**Material provided:**
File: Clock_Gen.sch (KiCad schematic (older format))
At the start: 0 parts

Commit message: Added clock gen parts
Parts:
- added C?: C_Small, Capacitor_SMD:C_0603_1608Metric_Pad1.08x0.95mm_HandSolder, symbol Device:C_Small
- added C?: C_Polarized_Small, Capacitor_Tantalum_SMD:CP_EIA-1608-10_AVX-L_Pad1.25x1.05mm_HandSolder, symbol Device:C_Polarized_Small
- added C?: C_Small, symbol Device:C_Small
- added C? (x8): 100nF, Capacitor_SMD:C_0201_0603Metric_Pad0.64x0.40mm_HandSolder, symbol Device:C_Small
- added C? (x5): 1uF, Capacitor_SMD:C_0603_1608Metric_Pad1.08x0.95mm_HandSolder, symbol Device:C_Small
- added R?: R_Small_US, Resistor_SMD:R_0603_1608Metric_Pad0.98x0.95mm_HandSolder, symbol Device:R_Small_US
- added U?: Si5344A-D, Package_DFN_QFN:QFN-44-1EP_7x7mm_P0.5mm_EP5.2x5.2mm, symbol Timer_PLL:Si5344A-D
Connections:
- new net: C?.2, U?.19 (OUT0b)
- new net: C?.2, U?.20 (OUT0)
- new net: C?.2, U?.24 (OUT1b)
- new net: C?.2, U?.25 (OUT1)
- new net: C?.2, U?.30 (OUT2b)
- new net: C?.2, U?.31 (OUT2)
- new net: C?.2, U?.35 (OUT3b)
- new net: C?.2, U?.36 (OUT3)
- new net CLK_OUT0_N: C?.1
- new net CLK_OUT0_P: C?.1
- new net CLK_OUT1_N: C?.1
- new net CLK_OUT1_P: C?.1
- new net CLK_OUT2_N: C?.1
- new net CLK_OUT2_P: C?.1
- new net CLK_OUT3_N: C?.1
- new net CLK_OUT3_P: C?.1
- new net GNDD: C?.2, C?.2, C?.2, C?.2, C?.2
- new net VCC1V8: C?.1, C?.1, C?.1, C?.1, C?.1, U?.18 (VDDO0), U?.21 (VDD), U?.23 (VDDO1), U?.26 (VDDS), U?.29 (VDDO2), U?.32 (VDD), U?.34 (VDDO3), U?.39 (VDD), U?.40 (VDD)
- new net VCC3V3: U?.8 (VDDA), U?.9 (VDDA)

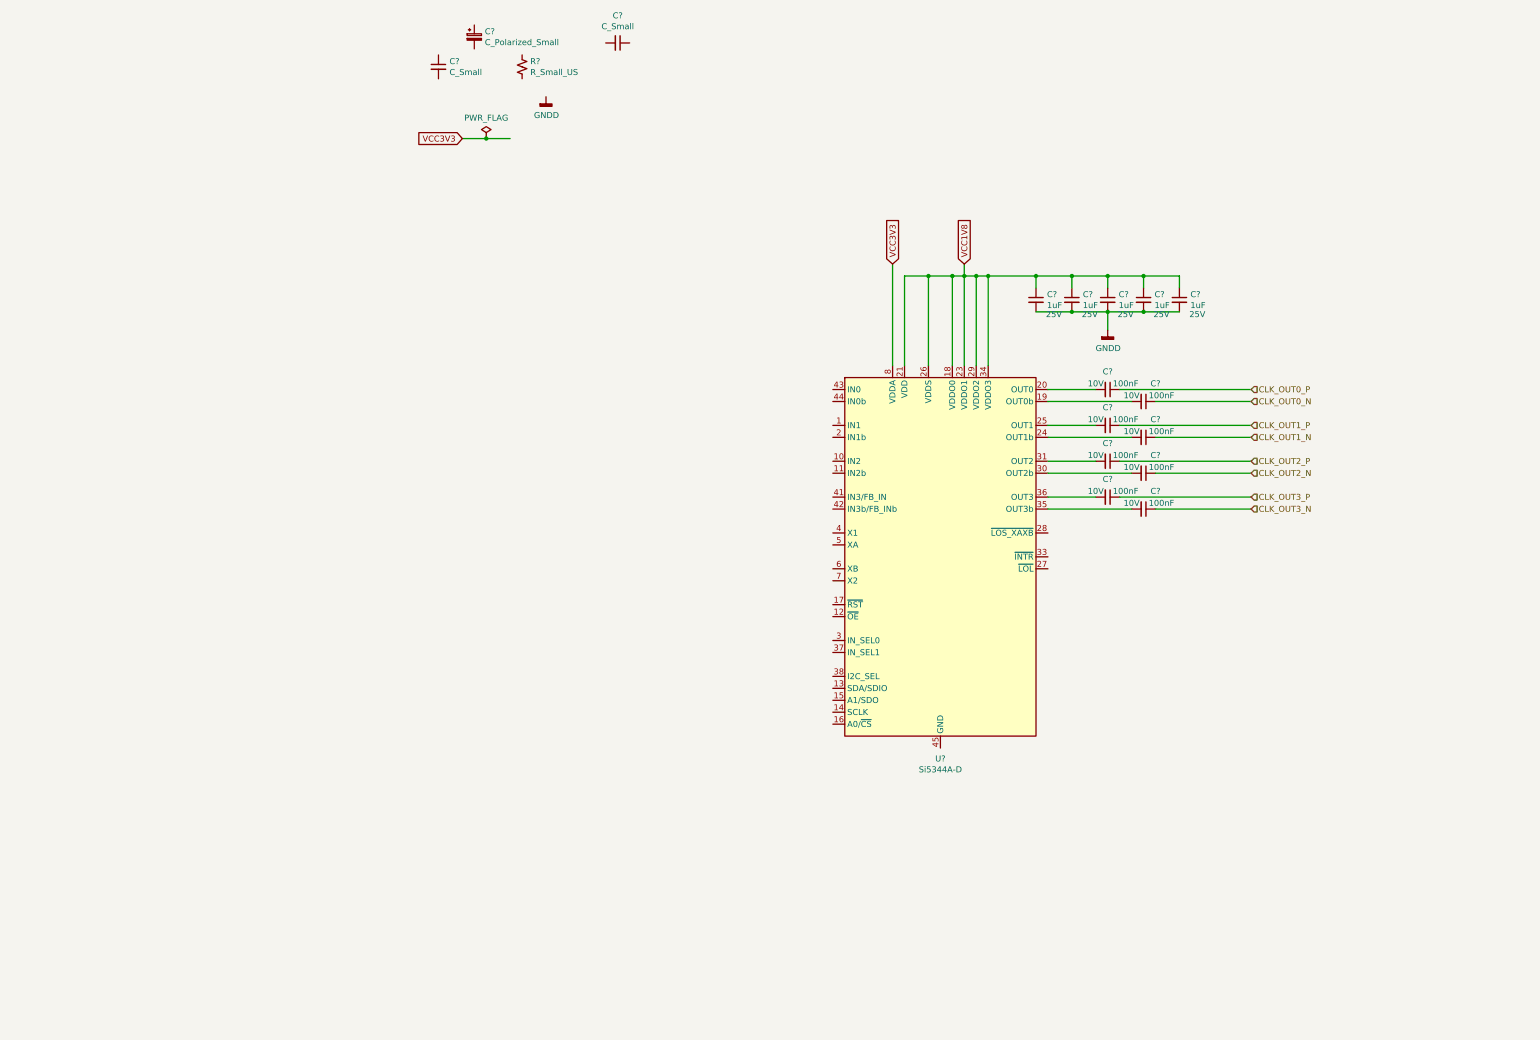
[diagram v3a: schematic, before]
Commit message: Drawn configuration cct of Ethernet PHY Drawn Clock Gen cct
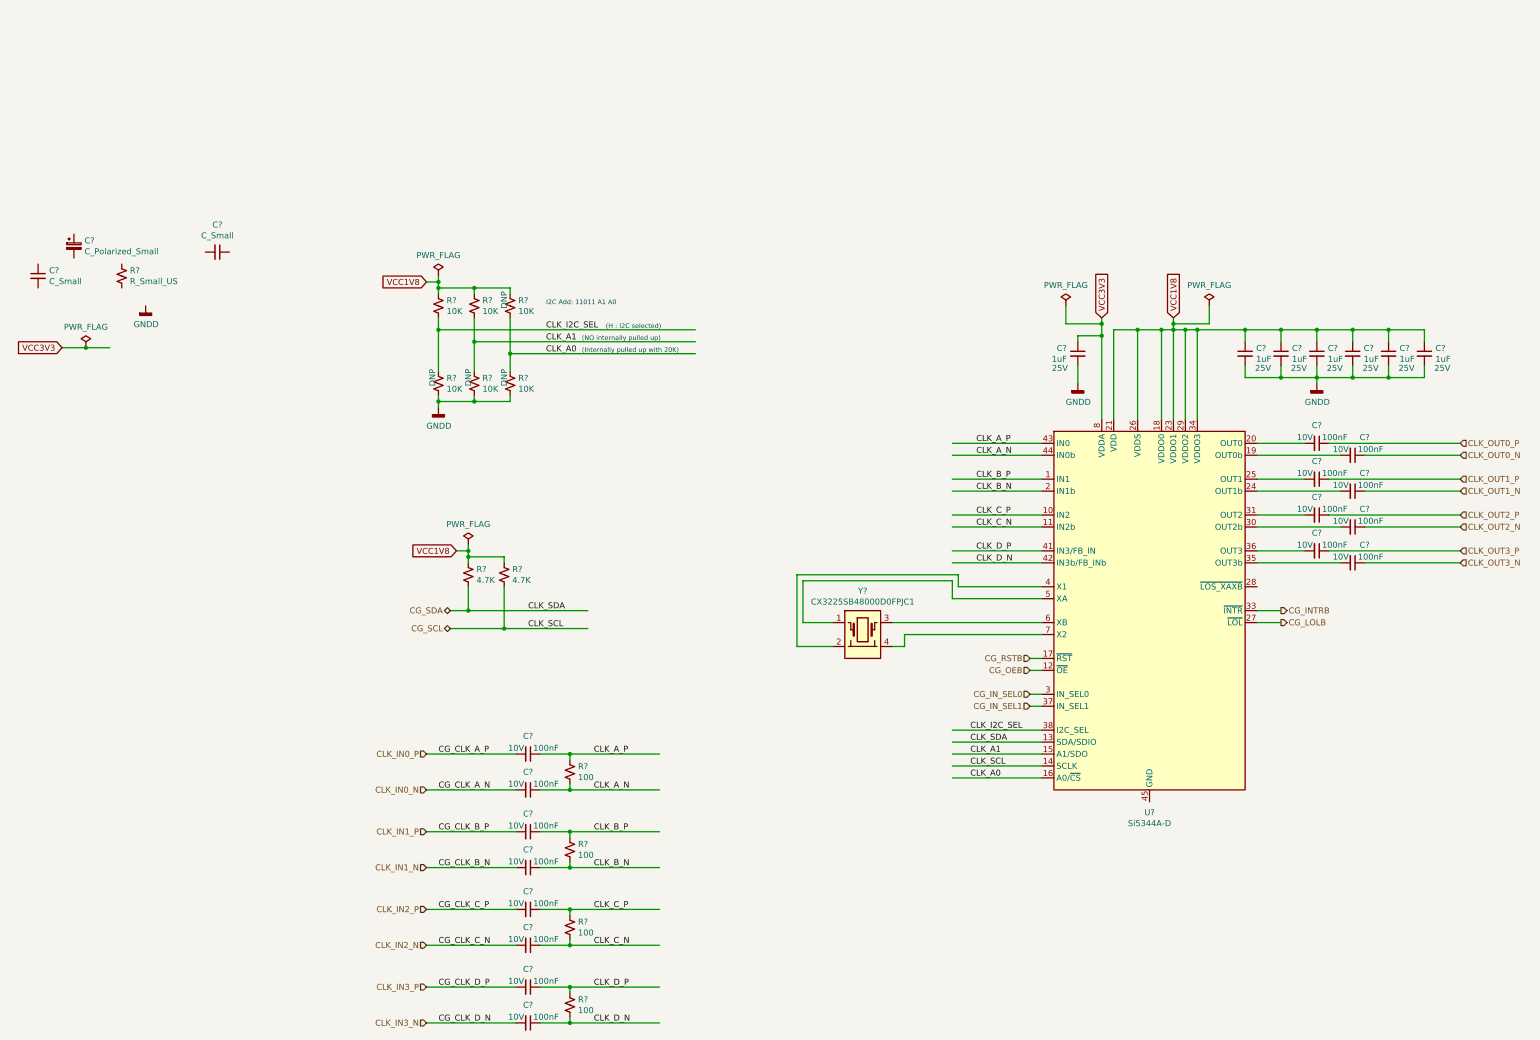
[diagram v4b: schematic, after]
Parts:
- added C? (x8): 100nF, Capacitor_SMD:C_0201_0603Metric_Pad0.64x0.40mm_HandSolder, symbol Device:C_Small
- added C? (x2): 1uF, Capacitor_SMD:C_0603_1608Metric_Pad1.08x0.95mm_HandSolder, symbol Device:C_Small
- added R? (x4): 100, Resistor_SMD:R_0603_1608Metric_Pad0.98x0.95mm_HandSolder, symbol Device:R_Small_US
- added R? (x6): 10K, Resistor_SMD:R_0603_1608Metric_Pad0.98x0.95mm_HandSolder, symbol Device:R_Small_US
- added R? (x2): 4.7K, Resistor_SMD:R_0603_1608Metric_Pad0.98x0.95mm_HandSolder, symbol Device:R_Small_US
- added Y?: CX3225SB48000D0FPJC1, GM_Crystals_Oscilators_n_Resonators:OSCCC320X250X60N, symbol GM_Crystals_Oscilators_n_Resonators:CX3225SB48000D0FPJC1
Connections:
- net labels added: CG_CLK_A_N, CG_CLK_A_P, CG_CLK_B_N, CG_CLK_B_P, CG_CLK_C_N, CG_CLK_C_P, CG_CLK_D_N, CG_CLK_D_P, CG_INTRB, CG_IN_SEL0, CG_IN_SEL1, CG_LOLB, CG_OEB, CG_RSTB, CG_SCL, CG_SDA, CLK_A0, CLK_A1, CLK_A_N, CLK_A_P, CLK_B_N, CLK_B_P, CLK_C_N, CLK_C_P, CLK_D_N, CLK_D_P, CLK_I2C_SEL, CLK_IN0_N, CLK_IN0_P, CLK_IN1_N, CLK_IN1_P, CLK_IN2_N, CLK_IN2_P, CLK_IN3_N, CLK_IN3_P, CLK_SCL, CLK_SDA
- wire segments 46 -> 165
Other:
- note added: "(H : I2C selected)"
- note added: "(Internally pulled up with 20K)"
- note added: "(NO internally pulled up)"
- note added: "I2C Add: 11011 A1 A0"
- moved on the sheet: C?, R?, U?

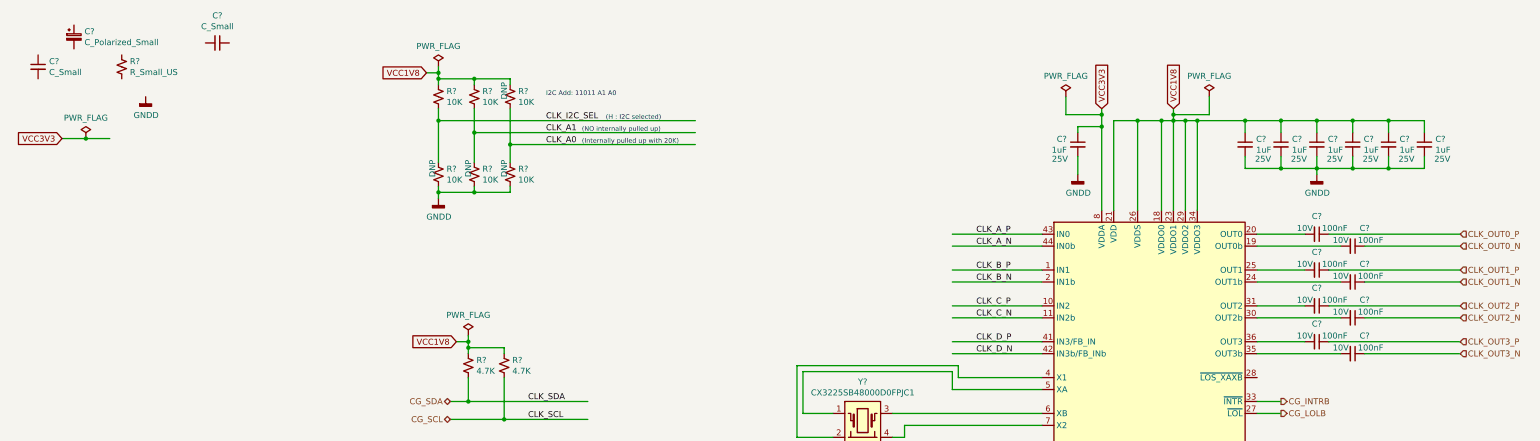
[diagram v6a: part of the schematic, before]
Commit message: Added bus lines -ETH_PHY_CONN -RAM -USB2 Made Output the port direction of clkout of Clock_Gen Placed sheet entris of sheet symbols on top sheet
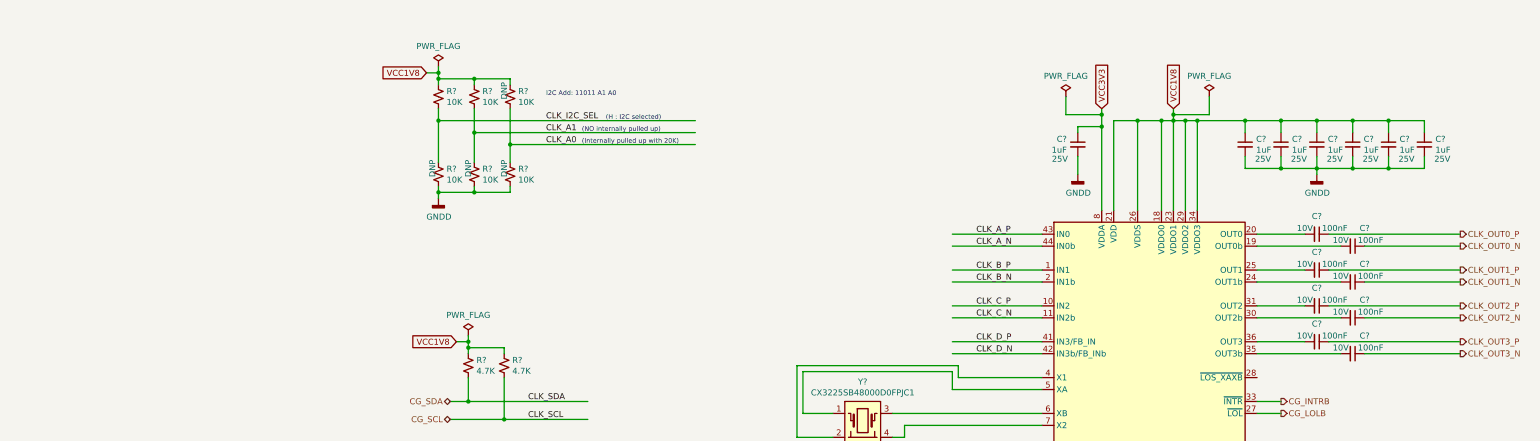
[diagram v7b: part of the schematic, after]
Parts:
- removed C?: C_Small, Capacitor_SMD:C_0603_1608Metric_Pad1.08x0.95mm_HandSolder, symbol Device:C_Small
- removed C?: C_Polarized_Small, Capacitor_Tantalum_SMD:CP_EIA-1608-10_AVX-L_Pad1.25x1.05mm_HandSolder, symbol Device:C_Polarized_Small
- removed C?: C_Small, symbol Device:C_Small
- removed R?: R_Small_US, Resistor_SMD:R_0603_1608Metric_Pad0.98x0.95mm_HandSolder, symbol Device:R_Small_US
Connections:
- wire segments 165 -> 163
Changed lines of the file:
@@
 $Descr A4 11693 8268
 encoding utf-8
-Sheet 5 19
+Sheet 5 20
 Title "CGMPCX1006"
 Date "2021-02-03"
@@
 Comment4 ""
 $EndDescr
-$Comp
-L Device:R_Small_US R?
-U 1 1 6028FC9B
-P -1250 1050
-AR Path="/601E7C5A/6028FC9B" Ref="R?"  Part="1"
-AR Path="/601E7CC8/6028FC9B" Ref="R?"  Part="1"
-AR Path="/601E7C92/6028FC9B" Ref="R?"  Part="1"
-AR Path="/601E7C92/60257FE5/6028FC9B" Ref="R?"  Part="1"
-AR Path="/601E7B38/6028FC9B" Ref="R?"  Part="1"
-F 0 "R?" H -1182 1096 50  0000 L CNN
-F 1 "R_Small_US" H -1182 1005 50  0000 L CNN
-F 2 "Resistor_SMD:R_0603_1608Metric_Pad0.98x0.95mm_HandSolder" H -1250 1050 50  0001 C CNN
-F 3 "~" H -1250 1050 50  0001 C CNN
-	1    -1250 1050
-	1    0    0    -1
-$EndComp
-$Comp
-L Device:C_Small C?
-U 1 1 6028FCA2
-P -1950 1050
-AR Path="/601E7C5A/6028FCA2" Ref="C?"  Part="1"
-AR Path="/601E7CC8/6028FCA2" Ref="C?"  Part="1"
-AR Path="/601E7C92/6028FCA2" Ref="C?"  Part="1"
-AR Path="/601E7C92/60257FE5/6028FCA2" Ref="C?"  Part="1"
-AR Path="/601E7B38/6028FCA2" Ref="C?"  Part="1"
-F 0 "C?" H -1858 1096 50  0000 L CNN
-F 1 "C_Small" H -1858 1005 50  0000 L CNN
-F 2 "Capacitor_SMD:C_0603_1608Metric_Pad1.08x0.95mm_HandSolder" H -1950 1050 50  0001 C CNN
-F 3 "~" H -1950 1050 50  0001 C CNN
-F 4 "" H -1950 1050 50  0000 C CNN "Voltage"
-	1    -1950 1050
-	1    0    0    -1
-$EndComp
-Text GLabel -1750 1650 0    50   Input ~ 0
-VCC3V3
-$Comp
-L power:PWR_FLAG #FLG?
-U 1 1 6028FCA9
-P -1550 1650
-AR Path="/601E7C5A/6028FCA9" Ref="#FLG?"  Part="1"
-AR Path="/601E7CC8/6028FCA9" Ref="#FLG?"  Part="1"
-AR Path="/601E7C92/6028FCA9" Ref="#FLG?"  Part="1"
-AR Path="/601E7C92/60257FE5/6028FCA9" Ref="#FLG?"  Part="1"
-AR Path="/601E7B38/6028FCA9" Ref="#FLG?"  Part="1"
-F 0 "#FLG?" H -1550 1725 50  0001 C CNN
-F 1 "PWR_FLAG" H -1550 1823 50  0000 C CNN
-F 2 "" H -1550 1650 50  0001 C CNN
-F 3 "~" H -1550 1650 50  0001 C CNN
-	1    -1550 1650
-	1    0    0    -1
-$EndComp
-Connection ~ -1550 1650
-Wire Wire Line
-	-1550 1650 -1350 1650
-Wire Wire Line
-	-1750 1650 -1550 1650
-$Comp
-L power:GNDD #PWR?
-U 1 1 6028FCB2
-P -1050 1300
-AR Path="/601DF0A6/6028FCB2" Ref="#PWR?"  Part="1"
-AR Path="/601E7C5A/6028FCB2" Ref="#PWR?"  Part="1"
-AR Path="/601E7CC8/6028FCB2" Ref="#PWR?"  Part="1"
-AR Path="/601E7C92/6028FCB2" Ref="#PWR?"  Part="1"
-AR Path="/601E7C92/60257FE5/6028FCB2" Ref="#PWR?"  Part="1"
-AR Path="/601E7B38/6028FCB2" Ref="#PWR?"  Part="1"
-F 0 "#PWR?" H -1050 1050 50  0001 C CNN
-F 1 "GNDD" H -1046 1145 50  0000 C CNN
-F 2 "" H -1050 1300 50  0001 C CNN
-F 3 "" H -1050 1300 50  0001 C CNN
-	1    -1050 1300
-	1    0    0    -1
-$EndComp
-$Comp
-L Device:C_Polarized_Small C?
-U 1 1 6028FCB9
-P -1650 800
-AR Path="/601E7C92/6028FCB9" Ref="C?"  Part="1"
-AR Path="/601E7C92/60257FE5/6028FCB9" Ref="C?"  Part="1"
-AR Path="/601E7B38/6028FCB9" Ref="C?"  Part="1"
-F 0 "C?" H -1562 846 50  0000 L CNN
-F 1 "C_Polarized_Small" H -1562 755 50  0000 L CNN
-F 2 "Capacitor_Tantalum_SMD:CP_EIA-1608-10_AVX-L_Pad1.25x1.05mm_HandSolder" H -1650 800 50  0001 C CNN
-F 3 "~" H -1650 800 50  0001 C CNN
-F 4 "" H -1650 800 50  0000 C CNN "Voltage"
-	1    -1650 800
-	1    0    0    -1
-$EndComp
-$Comp
-L Device:C_Small C?
-U 1 1 60291703
-P -450 850
-F 0 "C?" V -679 850 50  0000 C CNN
-F 1 "C_Small" V -588 850 50  0000 C CNN
-F 2 "" H -450 850 50  0001 C CNN
-F 3 "~" H -450 850 50  0001 C CNN
-	1    -450 850
-	0    1    1    0
-$EndComp
 $Comp
 L Device:R_Small_US R?
@@
 	1    0    0    -1
 $EndComp
-Text HLabel 9950 2550 2    50   Input ~ 0
+Text HLabel 9950 2550 2    50   Output ~ 0
 CLK_OUT0_N
-Text HLabel 9950 2450 2    50   Input ~ 0
+Text HLabel 9950 2450 2    50   Output ~ 0
 CLK_OUT0_P
-Text HLabel 9950 2850 2    50   Input ~ 0
+Text HLabel 9950 2850 2    50   Output ~ 0
 CLK_OUT1_N
-Text HLabel 9950 2750 2    50   Input ~ 0
+Text HLabel 9950 2750 2    50   Output ~ 0
 CLK_OUT1_P
-Text HLabel 9950 3150 2    50   Input ~ 0
+Text HLabel 9950 3150 2    50   Output ~ 0
 CLK_OUT2_N
-Text HLabel 9950 3050 2    50   Input ~ 0
+Text HLabel 9950 3050 2    50   Output ~ 0
 CLK_OUT2_P
-Text HLabel 9950 3450 2    50   Input ~ 0
+Text HLabel 9950 3450 2    50   Output ~ 0
 CLK_OUT3_N
-Text HLabel 9950 3350 2    50   Input ~ 0
+Text HLabel 9950 3350 2    50   Output ~ 0
 CLK_OUT3_P
 Wire Wire Line

**Problem to solve:** Search the entries above for the string "schematic", and report each line where it occurs.

**Written solution:**
File: Clock_Gen.sch (KiCad schematic (older format))
[diagram v3a: schematic, before]
[diagram v4b: schematic, after]
[diagram v6a: part of the schematic, before]
[diagram v7b: part of the schematic, after]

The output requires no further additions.